::: Recorded data

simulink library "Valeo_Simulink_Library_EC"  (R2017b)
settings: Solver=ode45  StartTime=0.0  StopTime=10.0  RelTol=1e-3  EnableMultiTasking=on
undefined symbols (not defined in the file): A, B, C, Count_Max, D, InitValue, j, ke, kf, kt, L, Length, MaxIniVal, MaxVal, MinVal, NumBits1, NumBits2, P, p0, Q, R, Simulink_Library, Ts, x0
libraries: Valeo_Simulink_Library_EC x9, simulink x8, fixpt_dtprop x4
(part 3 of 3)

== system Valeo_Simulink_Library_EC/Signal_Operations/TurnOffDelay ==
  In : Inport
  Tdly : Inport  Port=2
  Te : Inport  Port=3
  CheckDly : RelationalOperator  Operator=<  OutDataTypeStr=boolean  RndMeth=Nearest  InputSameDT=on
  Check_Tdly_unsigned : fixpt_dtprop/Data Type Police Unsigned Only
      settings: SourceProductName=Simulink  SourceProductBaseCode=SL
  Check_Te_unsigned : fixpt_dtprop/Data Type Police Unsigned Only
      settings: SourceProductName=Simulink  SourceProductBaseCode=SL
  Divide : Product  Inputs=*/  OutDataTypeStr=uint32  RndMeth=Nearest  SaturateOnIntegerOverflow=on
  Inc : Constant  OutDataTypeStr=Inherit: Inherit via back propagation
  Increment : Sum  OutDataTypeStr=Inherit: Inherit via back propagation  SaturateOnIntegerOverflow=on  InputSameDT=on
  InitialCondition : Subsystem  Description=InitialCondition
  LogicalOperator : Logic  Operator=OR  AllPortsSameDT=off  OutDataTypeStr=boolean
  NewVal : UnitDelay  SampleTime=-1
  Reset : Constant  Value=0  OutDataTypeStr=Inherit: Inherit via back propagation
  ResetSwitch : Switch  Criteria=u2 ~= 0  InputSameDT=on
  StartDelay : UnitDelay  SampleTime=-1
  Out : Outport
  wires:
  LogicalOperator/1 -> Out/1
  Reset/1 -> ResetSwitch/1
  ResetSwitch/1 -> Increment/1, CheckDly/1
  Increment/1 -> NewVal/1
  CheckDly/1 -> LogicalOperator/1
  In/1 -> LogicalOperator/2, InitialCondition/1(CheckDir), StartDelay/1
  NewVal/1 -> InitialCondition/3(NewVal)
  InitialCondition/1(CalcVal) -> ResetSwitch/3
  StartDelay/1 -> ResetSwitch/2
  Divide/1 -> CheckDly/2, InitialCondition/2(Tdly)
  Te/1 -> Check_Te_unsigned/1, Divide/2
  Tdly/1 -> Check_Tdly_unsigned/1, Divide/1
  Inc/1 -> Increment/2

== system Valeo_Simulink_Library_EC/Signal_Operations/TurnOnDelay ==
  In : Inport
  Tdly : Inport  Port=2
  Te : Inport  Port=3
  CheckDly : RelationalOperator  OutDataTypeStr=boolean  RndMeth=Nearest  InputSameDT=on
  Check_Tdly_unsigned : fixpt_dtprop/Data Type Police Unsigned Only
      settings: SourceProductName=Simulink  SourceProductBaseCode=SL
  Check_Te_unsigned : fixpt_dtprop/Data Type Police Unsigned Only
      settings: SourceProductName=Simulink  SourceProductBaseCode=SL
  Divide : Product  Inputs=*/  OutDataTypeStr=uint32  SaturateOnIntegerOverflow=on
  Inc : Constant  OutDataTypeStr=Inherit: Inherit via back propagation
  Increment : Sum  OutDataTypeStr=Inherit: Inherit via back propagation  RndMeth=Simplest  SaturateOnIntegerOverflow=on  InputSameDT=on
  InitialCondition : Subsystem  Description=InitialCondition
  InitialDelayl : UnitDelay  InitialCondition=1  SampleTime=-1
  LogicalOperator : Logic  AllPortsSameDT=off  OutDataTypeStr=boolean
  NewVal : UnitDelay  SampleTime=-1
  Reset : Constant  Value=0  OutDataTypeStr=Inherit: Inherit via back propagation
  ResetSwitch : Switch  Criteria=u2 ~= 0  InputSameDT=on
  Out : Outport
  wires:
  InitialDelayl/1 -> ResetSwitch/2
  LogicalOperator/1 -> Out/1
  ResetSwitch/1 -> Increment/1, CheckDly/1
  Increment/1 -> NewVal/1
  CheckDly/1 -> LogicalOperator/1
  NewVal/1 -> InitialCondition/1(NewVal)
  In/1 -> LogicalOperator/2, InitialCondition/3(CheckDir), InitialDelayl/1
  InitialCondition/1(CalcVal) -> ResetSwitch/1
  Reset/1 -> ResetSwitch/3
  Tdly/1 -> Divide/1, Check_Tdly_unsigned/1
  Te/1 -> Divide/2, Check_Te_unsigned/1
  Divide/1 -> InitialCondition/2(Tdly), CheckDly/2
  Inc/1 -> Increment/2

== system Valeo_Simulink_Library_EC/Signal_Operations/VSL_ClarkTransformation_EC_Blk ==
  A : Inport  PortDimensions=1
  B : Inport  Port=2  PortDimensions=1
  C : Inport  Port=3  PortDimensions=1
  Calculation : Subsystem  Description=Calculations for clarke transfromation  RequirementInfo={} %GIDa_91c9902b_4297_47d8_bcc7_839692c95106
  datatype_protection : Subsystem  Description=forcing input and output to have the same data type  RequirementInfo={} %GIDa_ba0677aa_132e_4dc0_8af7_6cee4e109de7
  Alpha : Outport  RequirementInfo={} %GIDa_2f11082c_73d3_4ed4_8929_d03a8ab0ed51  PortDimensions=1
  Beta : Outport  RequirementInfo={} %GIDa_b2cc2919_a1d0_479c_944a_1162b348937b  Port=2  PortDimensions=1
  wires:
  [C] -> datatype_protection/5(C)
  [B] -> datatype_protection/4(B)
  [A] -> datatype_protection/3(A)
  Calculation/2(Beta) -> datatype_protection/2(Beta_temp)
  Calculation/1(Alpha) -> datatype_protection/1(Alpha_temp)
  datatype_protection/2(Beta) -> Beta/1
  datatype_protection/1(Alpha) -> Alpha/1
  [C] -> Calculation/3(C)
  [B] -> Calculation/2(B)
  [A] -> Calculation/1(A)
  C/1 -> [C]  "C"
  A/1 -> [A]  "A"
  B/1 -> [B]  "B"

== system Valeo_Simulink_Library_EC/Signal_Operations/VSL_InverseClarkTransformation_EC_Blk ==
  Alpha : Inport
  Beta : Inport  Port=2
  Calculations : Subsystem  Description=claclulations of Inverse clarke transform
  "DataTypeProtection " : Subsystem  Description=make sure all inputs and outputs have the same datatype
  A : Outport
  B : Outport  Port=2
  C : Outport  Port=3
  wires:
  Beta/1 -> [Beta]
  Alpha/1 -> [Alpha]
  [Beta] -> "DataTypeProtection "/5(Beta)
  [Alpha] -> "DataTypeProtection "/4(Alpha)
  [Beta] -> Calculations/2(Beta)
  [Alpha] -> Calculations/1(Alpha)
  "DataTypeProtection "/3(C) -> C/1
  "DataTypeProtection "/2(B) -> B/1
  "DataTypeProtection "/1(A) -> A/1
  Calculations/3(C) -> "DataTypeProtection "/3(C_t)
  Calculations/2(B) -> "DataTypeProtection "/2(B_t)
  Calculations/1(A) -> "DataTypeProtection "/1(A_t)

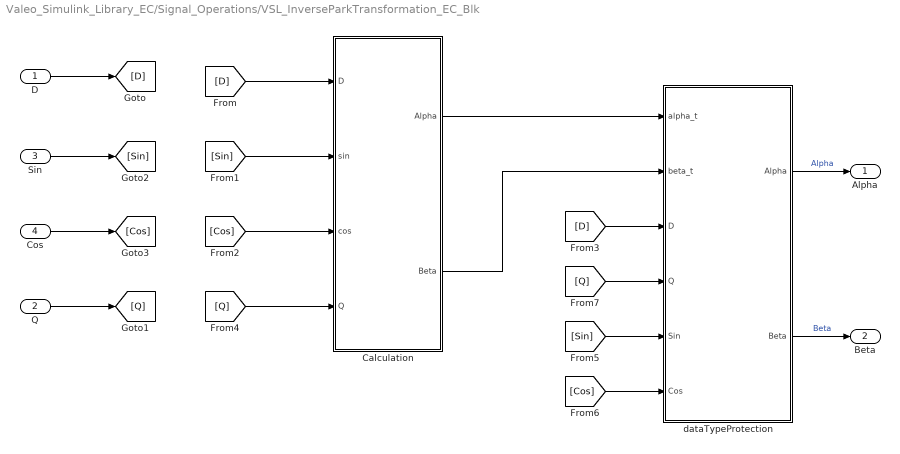
== system Valeo_Simulink_Library_EC/Signal_Operations/VSL_InverseParkTransformation_EC_Blk ==
  D : Inport
  Q : Inport  Port=2
  Sin : Inport  Port=3
  Cos : Inport  Port=4
  Calculation : Subsystem  Description=This Block is transforming dq axies with d axis aligned with Phase A into alpha-beta axises
      settings: RTWFcnNameOpts=Use subsystem name
  dataTypeProtection : Subsystem  Description=make sure inputs and outputs have the same data type
  Alpha : Outport
  Beta : Outport  Port=2
  wires:
  Calculation/1(Alpha) -> dataTypeProtection/1(alpha_t)
  Calculation/2(Beta) -> dataTypeProtection/2(beta_t)
  Q/1 -> [Q]
  D/1 -> [D]
  [D] -> Calculation/1(D)
  [Q] -> Calculation/4(Q)
  Sin/1 -> [Sin]
  Cos/1 -> [Cos]
  [Sin] -> Calculation/2(sin)
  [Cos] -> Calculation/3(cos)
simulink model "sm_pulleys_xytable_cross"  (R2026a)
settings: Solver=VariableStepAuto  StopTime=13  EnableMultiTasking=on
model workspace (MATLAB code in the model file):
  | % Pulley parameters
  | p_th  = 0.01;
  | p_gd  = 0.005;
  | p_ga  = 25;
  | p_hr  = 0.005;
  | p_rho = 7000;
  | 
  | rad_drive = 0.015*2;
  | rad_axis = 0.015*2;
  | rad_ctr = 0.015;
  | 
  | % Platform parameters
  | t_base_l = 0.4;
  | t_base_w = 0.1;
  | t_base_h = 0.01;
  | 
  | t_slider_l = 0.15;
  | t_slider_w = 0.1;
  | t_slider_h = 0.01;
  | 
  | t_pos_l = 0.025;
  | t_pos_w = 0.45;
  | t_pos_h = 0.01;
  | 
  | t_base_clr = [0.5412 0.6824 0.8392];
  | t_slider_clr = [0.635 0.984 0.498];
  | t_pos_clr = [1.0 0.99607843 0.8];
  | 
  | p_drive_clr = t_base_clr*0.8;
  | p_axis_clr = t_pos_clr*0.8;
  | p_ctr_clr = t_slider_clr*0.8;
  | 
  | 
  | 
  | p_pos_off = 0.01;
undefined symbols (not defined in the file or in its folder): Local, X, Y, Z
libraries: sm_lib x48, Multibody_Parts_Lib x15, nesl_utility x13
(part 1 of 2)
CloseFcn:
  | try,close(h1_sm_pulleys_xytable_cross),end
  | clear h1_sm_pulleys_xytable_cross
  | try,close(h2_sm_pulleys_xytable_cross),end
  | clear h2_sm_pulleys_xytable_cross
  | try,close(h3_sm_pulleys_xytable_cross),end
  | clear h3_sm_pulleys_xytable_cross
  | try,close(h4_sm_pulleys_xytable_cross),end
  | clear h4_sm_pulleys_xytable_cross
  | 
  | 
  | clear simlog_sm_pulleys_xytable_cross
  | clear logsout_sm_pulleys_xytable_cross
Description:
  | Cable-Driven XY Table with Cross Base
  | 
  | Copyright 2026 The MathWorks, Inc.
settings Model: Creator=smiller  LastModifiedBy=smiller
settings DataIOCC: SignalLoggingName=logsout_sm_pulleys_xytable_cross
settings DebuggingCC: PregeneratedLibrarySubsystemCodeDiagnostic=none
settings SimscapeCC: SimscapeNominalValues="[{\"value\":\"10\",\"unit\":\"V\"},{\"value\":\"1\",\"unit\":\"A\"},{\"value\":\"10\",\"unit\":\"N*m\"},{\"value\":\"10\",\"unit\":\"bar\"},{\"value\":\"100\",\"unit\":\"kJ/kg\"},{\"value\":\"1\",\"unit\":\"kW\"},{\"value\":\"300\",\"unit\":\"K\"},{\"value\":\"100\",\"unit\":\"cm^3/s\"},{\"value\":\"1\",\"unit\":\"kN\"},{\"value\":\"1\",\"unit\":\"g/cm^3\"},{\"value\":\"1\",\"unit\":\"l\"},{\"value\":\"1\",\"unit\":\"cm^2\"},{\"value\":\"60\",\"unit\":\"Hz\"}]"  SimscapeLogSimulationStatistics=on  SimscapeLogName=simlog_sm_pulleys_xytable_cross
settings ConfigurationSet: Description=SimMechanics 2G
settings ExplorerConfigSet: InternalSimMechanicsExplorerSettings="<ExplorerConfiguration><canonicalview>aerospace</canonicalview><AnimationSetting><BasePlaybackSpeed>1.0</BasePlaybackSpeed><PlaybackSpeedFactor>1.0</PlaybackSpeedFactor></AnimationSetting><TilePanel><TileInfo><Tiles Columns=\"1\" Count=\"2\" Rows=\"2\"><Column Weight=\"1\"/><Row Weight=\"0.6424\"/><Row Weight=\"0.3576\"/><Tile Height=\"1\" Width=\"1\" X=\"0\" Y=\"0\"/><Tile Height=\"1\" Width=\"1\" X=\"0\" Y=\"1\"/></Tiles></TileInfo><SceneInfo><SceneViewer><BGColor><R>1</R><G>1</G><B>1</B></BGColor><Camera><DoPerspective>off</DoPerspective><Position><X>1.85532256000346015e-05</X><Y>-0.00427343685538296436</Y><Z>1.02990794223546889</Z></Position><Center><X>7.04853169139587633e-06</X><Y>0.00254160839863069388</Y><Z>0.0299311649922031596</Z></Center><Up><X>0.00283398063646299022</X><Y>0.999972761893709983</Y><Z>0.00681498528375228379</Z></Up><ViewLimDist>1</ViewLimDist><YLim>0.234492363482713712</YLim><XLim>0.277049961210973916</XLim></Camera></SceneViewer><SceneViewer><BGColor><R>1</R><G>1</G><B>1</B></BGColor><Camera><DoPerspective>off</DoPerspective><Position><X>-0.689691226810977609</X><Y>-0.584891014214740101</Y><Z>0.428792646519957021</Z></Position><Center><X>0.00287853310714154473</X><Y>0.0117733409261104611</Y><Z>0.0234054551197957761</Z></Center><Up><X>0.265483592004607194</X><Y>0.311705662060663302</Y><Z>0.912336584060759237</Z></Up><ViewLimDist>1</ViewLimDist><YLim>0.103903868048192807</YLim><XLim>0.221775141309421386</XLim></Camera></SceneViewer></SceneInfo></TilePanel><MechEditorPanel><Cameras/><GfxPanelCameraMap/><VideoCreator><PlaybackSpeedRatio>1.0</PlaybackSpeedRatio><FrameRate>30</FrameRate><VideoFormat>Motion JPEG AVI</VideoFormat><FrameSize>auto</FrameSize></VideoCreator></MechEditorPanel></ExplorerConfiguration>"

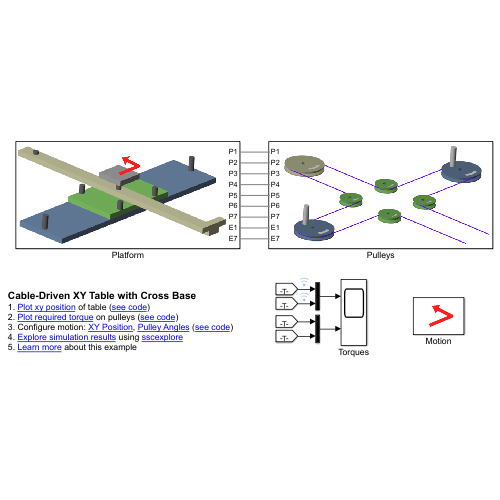
[thumbnail: Simulink's stored preview of the top-level diagram]
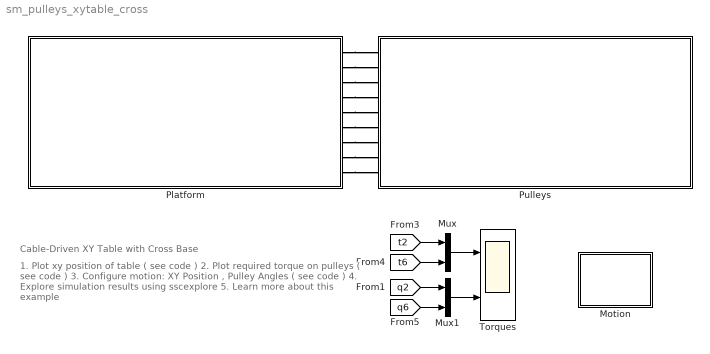
== system sm_pulleys_xytable_cross ==
  note: Cable-Driven XY Table with Cross Base
  note: 1. Plot xy position of table ( see code )
      | 2. Plot required torque on pulleys ( see code )
      | 3. Configure motion: XY Position , Pulley Angles ( see code )
      | 4. Explore simulation results using sscexplore
      | 5. Learn more about this example
  Motion : Subsystem
      mask Display: image('sm_pulleys_xytable_cross_motionXYMotion_IMAGE.png');
  Mux : Mux  Inputs=2
  Mux1 : Mux  Inputs=2
  Platform : Subsystem  Tag=PublishSubsystem
      mask Display: image('sm_pulleys_xytable_cross_platformXYMotion_IMAGE.png');
  Pulleys : Subsystem  Tag=PublishSubsystem
      mask Display: image('sm_pulleys_xytable_cross_pulleys_IMAGE.png');
  Torques : Scope  NumInputPorts=2
      settings: ActiveDisplayYMinimum=-0.14527  ActiveDisplayYMaximum=0.11195
  wires:
  [t2] -> Mux/1
  [t6] -> Mux/2
  [q2] -> Mux1/1
  [q6] -> Mux1/2
  Mux/1 -> Torques/1
  Mux1/1 -> Torques/2
  connections:
  Platform/RConn1 -- Pulleys/LConn1
  Platform/RConn2 -- Pulleys/LConn2
  Platform/RConn3 -- Pulleys/LConn3
  Platform/RConn4 -- Pulleys/LConn4
  Platform/RConn5 -- Pulleys/LConn5
  Platform/RConn6 -- Pulleys/LConn6
  Platform/RConn7 -- Pulleys/LConn7
  Platform/RConn8 -- Pulleys/LConn8
  Platform/RConn9 -- Pulleys/LConn9

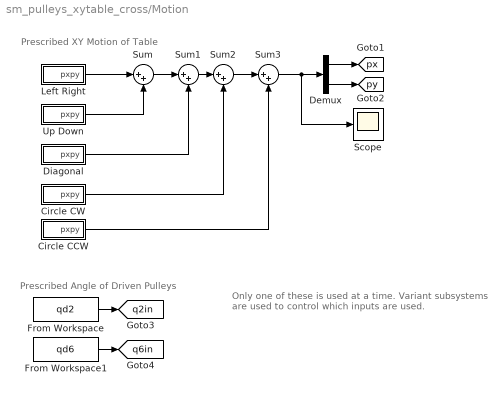
== system sm_pulleys_xytable_cross/Motion ==
  note: Only one of these is used at a time. Variant subsystems are used to control which inputs are used.
  note: Prescribed Angle of Driven Pulleys
  note: Prescribed XY Motion of Table
  Circle CCW : Subsystem
  Circle CW : Subsystem
  Demux : Demux  Outputs=2
  Diagonal : Subsystem
  From Workspace : FromWorkspace  VariableName=qd2
  From Workspace1 : FromWorkspace  VariableName=qd6
  Left Right : Subsystem
  Scope : Scope
      settings: ActiveDisplayYMinimum=-0.125  ActiveDisplayYMaximum=0.125
  Sum{,1..3} (4 alike) : Sum  Inputs=|++
  Up Down : Subsystem
  tag scope: px=global, py=global, q2in=global, q6in=global
  wires:
  Demux/1 -> [px]
  Demux/2 -> [py]
  Sum3/1 -> Scope/1, Demux/1
  Left Right/1(pxpy) -> Sum/1
  Diagonal/1(pxpy) -> Sum1/2
  Sum/1 -> Sum1/1
  Up Down/1(pxpy) -> Sum/2
  Sum1/1 -> Sum2/1
  Circle CW/1(pxpy) -> Sum2/2
  From Workspace/1 -> [q2in]
  From Workspace1/1 -> [q6in]
  Sum2/1 -> Sum3/1
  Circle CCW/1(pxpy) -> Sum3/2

::::::

**Required action**
Search the data above for the string "Down" and copy each line that has it.

**Solution to this problem**
  Up Down : Subsystem
  Up Down/1(pxpy) -> Sum/2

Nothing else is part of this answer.